If buying, choose a Reverse Auction; If selling, choose a Forward Auction.

If pricing terms equal across suppliers and those terms should be visible to suppliers, Total Cost Auction template can be used.

  • If no to equal pricing terms, select a Bid Transformation Auction template.

  • Use Price Breakdown templates to itemize terms.

If the commodity being purchased is sold against a pricing index, use an Index Auction by Price or Percentage.

Reverse Auction is the most commonly used, standard template for buyer auctions.

"Now, let's talk about your auction you have been asked to create. Do you have an idea as to which template that we would need to select?"
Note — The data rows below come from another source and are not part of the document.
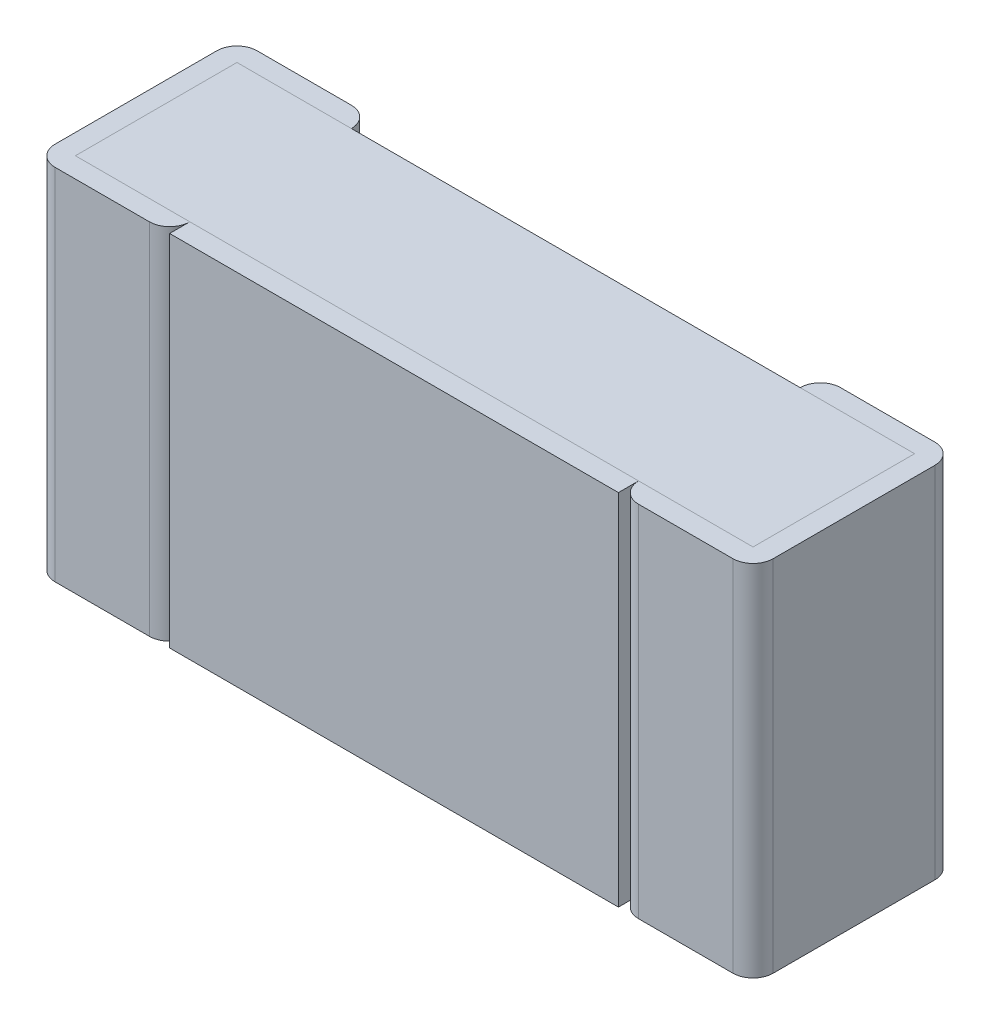
ISO-10303-21;
HEADER;
FILE_DESCRIPTION(('STEP AP214'),'2;1');
FILE_NAME('part.step','',(''),(''),'','','');
FILE_SCHEMA(('AUTOMOTIVE_DESIGN { 1 0 10303 214 1 1 1 1 }'));
ENDSEC;
DATA;
#1=APPLICATION_CONTEXT('core data for automotive mechanical design processes');
#2=APPLICATION_PROTOCOL_DEFINITION('international standard','automotive_design',2000,#1);
#3=PRODUCT_CONTEXT('',#1,'mechanical');
#4=PRODUCT('Part','Part','',(#3));
#5=PRODUCT_RELATED_PRODUCT_CATEGORY('part','',(#4));
#6=PRODUCT_DEFINITION_FORMATION('','',#4);
#7=PRODUCT_DEFINITION_CONTEXT('part definition',#1,'design');
#8=PRODUCT_DEFINITION('design','',#6,#7);
#9=PRODUCT_DEFINITION_SHAPE('','',#8);
#10=(LENGTH_UNIT() NAMED_UNIT(*) SI_UNIT(.MILLI.,.METRE.));
#11=(NAMED_UNIT(*) PLANE_ANGLE_UNIT() SI_UNIT($,.RADIAN.));
#12=(NAMED_UNIT(*) SI_UNIT($,.STERADIAN.) SOLID_ANGLE_UNIT());
#13=UNCERTAINTY_MEASURE_WITH_UNIT(LENGTH_MEASURE(1.E-05),#10,'distance_accuracy_value','');
#14=(GEOMETRIC_REPRESENTATION_CONTEXT(3) GLOBAL_UNCERTAINTY_ASSIGNED_CONTEXT((#13)) GLOBAL_UNIT_ASSIGNED_CONTEXT((#10,
#11,#12)) REPRESENTATION_CONTEXT('',''));
#15=CARTESIAN_POINT('',(0.,0.,0.));
#16=DIRECTION('',(0.,0.,1.));
#17=DIRECTION('',(1.,0.,0.));
#18=AXIS2_PLACEMENT_3D('',#15,#16,#17);
#19=CARTESIAN_POINT('',(-0.5,-0.4,0.45));
#20=DIRECTION('',(0.,0.,1.));
#21=DIRECTION('',(1.,0.,0.));
#22=AXIS2_PLACEMENT_3D('',#19,#20,#21);
#23=PLANE('',#22);
#24=DIRECTION('',(0.,1.,0.));
#25=VECTOR('',#24,1.);
#26=CARTESIAN_POINT('',(-0.5,-0.4,0.45));
#27=LINE('',#26,#25);
#28=CARTESIAN_POINT('',(-0.5,-0.4,0.45));
#29=VERTEX_POINT('',#28);
#30=CARTESIAN_POINT('',(-0.5,0.4,0.45));
#31=VERTEX_POINT('',#30);
#32=EDGE_CURVE('E294',#29,#31,#27,.T.);
#33=ORIENTED_EDGE('',*,*,#32,.F.);
#34=DIRECTION('',(1.,0.,0.));
#35=VECTOR('',#34,1.);
#36=CARTESIAN_POINT('',(-0.5,-0.4,0.45));
#37=LINE('',#36,#35);
#38=CARTESIAN_POINT('',(0.5,-0.4,0.45));
#39=VERTEX_POINT('',#38);
#40=EDGE_CURVE('E295',#29,#39,#37,.T.);
#41=ORIENTED_EDGE('',*,*,#40,.T.);
#42=DIRECTION('',(0.,1.,0.));
#43=VECTOR('',#42,1.);
#44=CARTESIAN_POINT('',(0.5,-0.4,0.45));
#45=LINE('',#44,#43);
#46=CARTESIAN_POINT('',(0.5,0.4,0.45));
#47=VERTEX_POINT('',#46);
#48=EDGE_CURVE('E11',#39,#47,#45,.T.);
#49=ORIENTED_EDGE('',*,*,#48,.T.);
#50=DIRECTION('',(1.,0.,0.));
#51=VECTOR('',#50,1.);
#52=CARTESIAN_POINT('',(-0.5,0.4,0.45));
#53=LINE('',#52,#51);
#54=EDGE_CURVE('E249',#31,#47,#53,.T.);
#55=ORIENTED_EDGE('',*,*,#54,.F.);
#56=EDGE_LOOP('',(#33,#41,#49,#55));
#57=FACE_BOUND('',#56,.T.);
#58=ADVANCED_FACE('F16',(#57),#23,.T.);
#59=CARTESIAN_POINT('',(0.5,-0.4,0.405));
#60=DIRECTION('',(1.,0.,0.));
#61=DIRECTION('',(0.,1.,0.));
#62=AXIS2_PLACEMENT_3D('',#59,#60,#61);
#63=PLANE('',#62);
#64=DIRECTION('',(0.,0.,1.));
#65=VECTOR('',#64,1.);
#66=CARTESIAN_POINT('',(0.5,-0.4,0.405));
#67=LINE('',#66,#65);
#68=CARTESIAN_POINT('',(0.5,-0.4,0.405));
#69=VERTEX_POINT('',#68);
#70=EDGE_CURVE('E279',#69,#39,#67,.T.);
#71=ORIENTED_EDGE('',*,*,#70,.F.);
#72=DIRECTION('',(0.,1.,0.));
#73=VECTOR('',#72,1.);
#74=CARTESIAN_POINT('',(0.5,-0.4,0.405));
#75=LINE('',#74,#73);
#76=CARTESIAN_POINT('',(0.5,0.4,0.405));
#77=VERTEX_POINT('',#76);
#78=EDGE_CURVE('E27',#69,#77,#75,.T.);
#79=ORIENTED_EDGE('',*,*,#78,.T.);
#80=DIRECTION('',(0.,0.,1.));
#81=VECTOR('',#80,1.);
#82=CARTESIAN_POINT('',(0.5,0.4,0.405));
#83=LINE('',#82,#81);
#84=EDGE_CURVE('E252',#77,#47,#83,.T.);
#85=ORIENTED_EDGE('',*,*,#84,.T.);
#86=ORIENTED_EDGE('',*,*,#48,.F.);
#87=EDGE_LOOP('',(#71,#79,#85,#86));
#88=FACE_BOUND('',#87,.T.);
#89=ADVANCED_FACE('F509',(#88),#63,.T.);
#90=CARTESIAN_POINT('',(0.545,-0.4,0.405));
#91=DIRECTION('',(0.,1.,0.));
#92=DIRECTION('',(-1.,0.,0.));
#93=AXIS2_PLACEMENT_3D('',#90,#91,#92);
#94=CYLINDRICAL_SURFACE('',#93,0.045);
#95=CARTESIAN_POINT('',(0.545,-0.4,0.405));
#96=DIRECTION('',(0.,1.,0.));
#97=DIRECTION('',(0.,0.,1.));
#98=AXIS2_PLACEMENT_3D('',#95,#96,#97);
#99=CIRCLE('',#98,0.045);
#100=CARTESIAN_POINT('',(0.545,-0.4,0.45));
#101=VERTEX_POINT('',#100);
#102=EDGE_CURVE('E398',#69,#101,#99,.T.);
#103=ORIENTED_EDGE('',*,*,#102,.T.);
#104=DIRECTION('',(0.,1.,0.));
#105=VECTOR('',#104,1.);
#106=CARTESIAN_POINT('',(0.545,-0.4,0.45));
#107=LINE('',#106,#105);
#108=CARTESIAN_POINT('',(0.545,0.4,0.45));
#109=VERTEX_POINT('',#108);
#110=EDGE_CURVE('E244',#101,#109,#107,.T.);
#111=ORIENTED_EDGE('',*,*,#110,.T.);
#112=CARTESIAN_POINT('',(0.545,0.4,0.405));
#113=DIRECTION('',(0.,1.,0.));
#114=DIRECTION('',(0.,0.,1.));
#115=AXIS2_PLACEMENT_3D('',#112,#113,#114);
#116=CIRCLE('',#115,0.045);
#117=EDGE_CURVE('E347',#77,#109,#116,.T.);
#118=ORIENTED_EDGE('',*,*,#117,.F.);
#119=ORIENTED_EDGE('',*,*,#78,.F.);
#120=EDGE_LOOP('',(#103,#111,#118,#119));
#121=FACE_BOUND('',#120,.T.);
#122=ADVANCED_FACE('F515',(#121),#94,.T.);
#123=CARTESIAN_POINT('',(0.5,-0.4,0.45));
#124=DIRECTION('',(0.,0.,1.));
#125=DIRECTION('',(1.,0.,0.));
#126=AXIS2_PLACEMENT_3D('',#123,#124,#125);
#127=PLANE('',#126);
#128=DIRECTION('',(1.,0.,0.));
#129=VECTOR('',#128,1.);
#130=CARTESIAN_POINT('',(0.5,0.4,0.45));
#131=LINE('',#130,#129);
#132=CARTESIAN_POINT('',(0.755,0.4,0.45));
#133=VERTEX_POINT('',#132);
#134=EDGE_CURVE('E362',#109,#133,#131,.T.);
#135=ORIENTED_EDGE('',*,*,#134,.F.);
#136=ORIENTED_EDGE('',*,*,#110,.F.);
#137=DIRECTION('',(1.,0.,0.));
#138=VECTOR('',#137,1.);
#139=CARTESIAN_POINT('',(0.5,-0.4,0.45));
#140=LINE('',#139,#138);
#141=CARTESIAN_POINT('',(0.755,-0.4,0.45));
#142=VERTEX_POINT('',#141);
#143=EDGE_CURVE('E394',#101,#142,#140,.T.);
#144=ORIENTED_EDGE('',*,*,#143,.T.);
#145=DIRECTION('',(0.,1.,0.));
#146=VECTOR('',#145,1.);
#147=CARTESIAN_POINT('',(0.755,-0.4,0.45));
#148=LINE('',#147,#146);
#149=EDGE_CURVE('E383',#142,#133,#148,.T.);
#150=ORIENTED_EDGE('',*,*,#149,.T.);
#151=EDGE_LOOP('',(#135,#136,#144,#150));
#152=FACE_BOUND('',#151,.T.);
#153=ADVANCED_FACE('F619',(#152),#127,.T.);
#154=CARTESIAN_POINT('',(0.755,-0.4,0.405));
#155=DIRECTION('',(0.,1.,0.));
#156=DIRECTION('',(1.,0.,0.));
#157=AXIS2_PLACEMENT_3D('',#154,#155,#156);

"All things considered, I feel that the Reverse Auction is the most suitable template for my auction.

I know I need an auction, because I want my pricing to be competitive and the variances between bids are small between my three suppliers.

I do not have a need to alter the format to Dutch or Japanese, and my terms will be the same for all suppliers so I do not need bid transformation or have a need for alternative bids as I know my needs better than the suppliers. I will want to specify pre-bids, and modify pricing attributes like buffers and decrements, which is all available through the Reverse Auction template."

"That is the template that I was going to suggest, as well. We can still opt into setting up overtime, prebids, lotting structures, bid improvements, currencies and market feedback settings like showing responses and lead bids all within the Reverse Auction template if we choose."